一般的なネットワークのセキュリティ推奨事項に従うことは、ネットワーク環境のセキュリティを強化するための最初のステップです。その後、ファイアウォールや IPsec を使用したネットワークのセキュリティ強化などの特殊な領域に進むことができます。

  • スパニング ツリーが有効化されている場合は、物理スイッチのポートが Portfast を使用して構成されるようにします。VMware の仮想スイッチは STP をサポートしていないため、ESXi ホストに接続されている物理スイッチ ポートでは、スパニング ツリーが有効化されている場合には Portfast が構成されており、物理スイッチ ネットワーク内でのループを回避するようになっている必要があります。Portfast が設定されていない場合には、潜在的なパフォーマンスと接続性の問題が発生する可能性があります。
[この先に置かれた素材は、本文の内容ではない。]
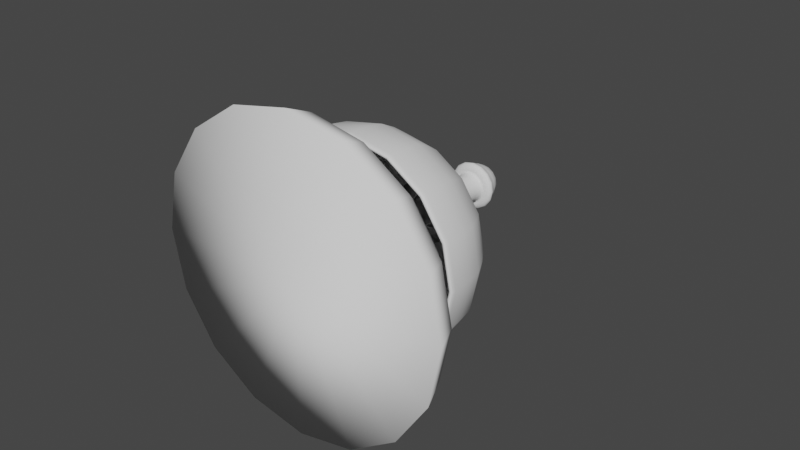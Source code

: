 # Source: tablebell.blend  (saved by Blender 2.83.18; exported with 4.5.12 LTS)
import bpy
from mathutils import Matrix  # noqa: F401  (used for matrix-valued properties, if any)

bpy.ops.wm.read_factory_settings(use_empty=True)
scene = bpy.context.scene
scene.name = 'Scene'

# ---- collections
col_tablebell = bpy.data.collections.new('TableBell'); scene.collection.children.link(col_tablebell)

# ---- world
world_world = bpy.data.worlds.new('World'); scene.world = world_world
world_world.use_nodes = True; world_world.node_tree.nodes.clear()
_N = world_world.node_tree.nodes; _L = world_world.node_tree.links
n0 = _N.new('ShaderNodeOutputWorld'); n0.name = 'World Output'; n0.location = (300, 300)
n1 = _N.new('ShaderNodeBackground'); n1.name = 'Background'; n1.location = (10, 300)
n1.inputs[0].default_value = (0.05088, 0.05088, 0.05088, 1.0)
_L.new(n1.outputs[0], n0.inputs[0])
n0.is_active_output = True
world_world.color = (0.05088, 0.05088, 0.05088)
world_world.use_sun_shadow = False
world_world.sun_shadow_jitter_overblur = 0.0

# ---- meshes
me_cube_003 = bpy.data.meshes.new('Cube.003')
me_cube_003.from_pydata([(0.004624, 0.05764, 4.767e-05), (0.004722, 0.05849, 0.0001369), (0.005608, 0.05686, 2.166e-12), (0.007003, 0.05988, 0.0), (0.01177, 0.0581, 0.0), (0.0174, 0.05576, 0.0), (0.0222, 0.05243, 0.0), (0.02778, 0.04713, 0.0), (0.03147, 0.04154, 0.0), (0.03418, 0.03619, 0.0), (0.035, 0.03135, 0.0), (0.03543, 0.0278, 0.0), (0.03543, 0.0242, 0.0), (0.03537, 0.02314, 0.0), (0.03506, 0.02264, 0.0), (0.03438, 0.02277, 0.0), (0.034, 0.02364, 0.0), (0.03382, 0.02774, 0.0), (0.0332, 0.03116, 0.0), (0.03139, 0.03551, 0.0), (0.02891, 0.04023, 0.0), (0.02468, 0.04533, 0.0), (0.0202, 0.04975, 0.0), (0.01498, 0.05335, 0.0), (0.01026, 0.05553, 0.0)], [(0, 1), (2, 0), (1, 3), (3, 4), (4, 5), (5, 6), (6, 7), (7, 8), (8, 9), (9, 10), (10, 11), (11, 12), (12, 13), (13, 14), (14, 15), (15, 16), (16, 17), (17, 18), (18, 19), (19, 20), (20, 21), (21, 22), (22, 23), (23, 24), (2, 24)], [])
_uv = me_cube_003.uv_layers.new(name='UVMap')
_uv.uv.foreach_set('vector', [])
me_cube_003.use_remesh_fix_poles = True
me_cube_003.use_remesh_preserve_attributes = False
me_cube_003.use_mirror_vertex_groups = False
me_cube_003.update()
me_cube_002 = bpy.data.meshes.new('Cube.002')
me_cube_002.from_pydata([(0.0, 0.6088, 0.0), (-0.004368, 1.132, 0.0), (0.04247, 1.124, 0.0), (0.06916, 1.096, 0.0), (0.08985, 1.055, 0.0), (0.09421, 1.037, 0.0), (0.1013, 1.028, 0.0), (0.1056, 1.015, 0.0), (0.09965, 1.007, 0.0), (0.08822, 1.001, 0.0), (0.07515, 1.0, 0.0), (0.06916, 1.002, 0.0), (0.06371, 0.9914, 0.0), (0.05935, 0.9674, 0.0), (0.05826, 0.9358, 0.0), (0.05826, 0.9081, 0.0), (0.06262, 0.8895, 0.0), (0.06698, 0.8699, 0.0), (0.05683, 0.8543, 0.0), (0.05192, 0.8352, 0.0), (0.05396, 0.6083, 0.0)], [(0, 1), (1, 2), (2, 3), (3, 4), (4, 5), (5, 6), (6, 7), (7, 8), (8, 9), (9, 10), (10, 11), (11, 12), (12, 13), (13, 14), (14, 15), (15, 16), (16, 17), (17, 18), (18, 19), (19, 20), (0, 20)], [])
_uv = me_cube_002.uv_layers.new(name='UVMap')
_uv.uv.foreach_set('vector', [])
me_cube_002.use_remesh_fix_poles = True
me_cube_002.use_remesh_preserve_attributes = False
me_cube_002.use_mirror_vertex_groups = False
me_cube_002.update()
me_cube = bpy.data.meshes.new('Cube')
me_cube.from_pydata([(0.03639, 0.01595, 0.0), (0.0, 0.0, 0.0), (0.03949, 0.01533, 0.0), (0.04289, 0.01053, 0.0), (0.04042, 0.01316, 0.0), (0.04568, 0.009136, 0.0), (0.04955, 0.0, 0.0), (0.0, 0.0, 0.0), (0.03453, 0.01812, 0.0), (0.03329, 0.02137, 0.0), (0.01405, 0.02137, 0.0), (0.01405, 0.02137, 0.0), (0.01405, 0.02137, 0.0), (0.01405, 0.0314, 0.0), (0.0, 0.0314, 0.0)], [(2, 0), (8, 9), (0, 8), (4, 2), (1, 7), (5, 3), (6, 5), (3, 4), (9, 10), (7, 6), (10, 11), (11, 12), (12, 13), (13, 14)], [])
_uv = me_cube.uv_layers.new(name='UVMap')
_uv.uv.foreach_set('vector', [])
me_cube.use_remesh_fix_poles = True
me_cube.use_remesh_preserve_attributes = False
me_cube.use_mirror_vertex_groups = False
me_cube.update()

# ---- objects
ob_bell = bpy.data.objects.new('Bell', me_cube_003)
ob_toppart = bpy.data.objects.new('TopPart', me_cube_002)
ob_cube = bpy.data.objects.new('Cube', me_cube)

# ---- transforms, parenting, visibility, modifiers, constraints
ob_bell.location = (0.0, 0.0, 0.0)
ob_bell.lineart.crease_threshold = 0.0
_m = ob_bell.modifiers.new('Screw', 'SCREW')
_m.axis = 'Y'
ob_toppart.location = (0.0, 0.00514, 0.0)
ob_toppart.scale = (0.0731, 0.0731, 0.0731)
ob_toppart.lineart.crease_threshold = 0.0
_m = ob_toppart.modifiers.new('Screw', 'SCREW')
_m.axis = 'Y'
ob_cube.location = (0.0, 0.0, 0.0)
ob_cube.lineart.crease_threshold = 0.0
_m = ob_cube.modifiers.new('Screw', 'SCREW')
_m.axis = 'Y'
_m.use_normal_flip = True

# ---- collection membership
col_tablebell.objects.link(ob_bell)
col_tablebell.objects.link(ob_toppart)
col_tablebell.objects.link(ob_cube)

# ---- scene / render settings (as saved in the file)
scene.frame_start = 1; scene.frame_end = 250; scene.frame_set(1)
scene.render.engine = 'BLENDER_EEVEE_NEXT'
scene.cycles.use_denoising = False
scene.cycles.samples = 128
scene.cycles.sampling_pattern = 'TABULATED_SOBOL'
scene.cycles.use_adaptive_sampling = False
scene.cycles.use_light_tree = False
scene.view_settings.view_transform = 'Filmic'
bpy.context.view_layer.update()

# ---- added for rendering (the .blend has no active camera and no usable light): camera, sun
cam_auto = bpy.data.cameras.new('AutoCamera')
cam_auto.lens = 50.0
cam_auto.sensor_width = 36.0
cam_auto.clip_end = 1000.0
ob_auto_camera = bpy.data.objects.new('AutoCamera', cam_auto)
scene.collection.objects.link(ob_auto_camera)
ob_auto_camera.location = (0.185045, -0.178092, 0.148036)
ob_auto_camera.rotation_euler = (1.09748, -7.21219e-08, 0.694738)
scene.camera = ob_auto_camera
light_auto_sun = bpy.data.lights.new('AutoSun', 'SUN')
light_auto_sun.energy = 3.0
light_auto_sun.angle = 0.0523599
ob_auto_sun = bpy.data.objects.new('AutoSun', light_auto_sun)
scene.collection.objects.link(ob_auto_sun)
ob_auto_sun.rotation_euler = (0.872665, 0.174533, 0.523599)
bpy.context.view_layer.update()

  • 分散仮想スイッチの Netflow トラフィックは、許可されたコレクタ IP アドレスに対してのみ送信されるようにします。Netflow エクスポートは暗号化されず、仮想ネットワークに関する情報を含めることができるため、連続的な中間者攻撃にさらされる危険性が増します。Netflow エクスポートが必要な場合は、すべての Netflow ターゲット IP アドレスが正しいことを確認してください。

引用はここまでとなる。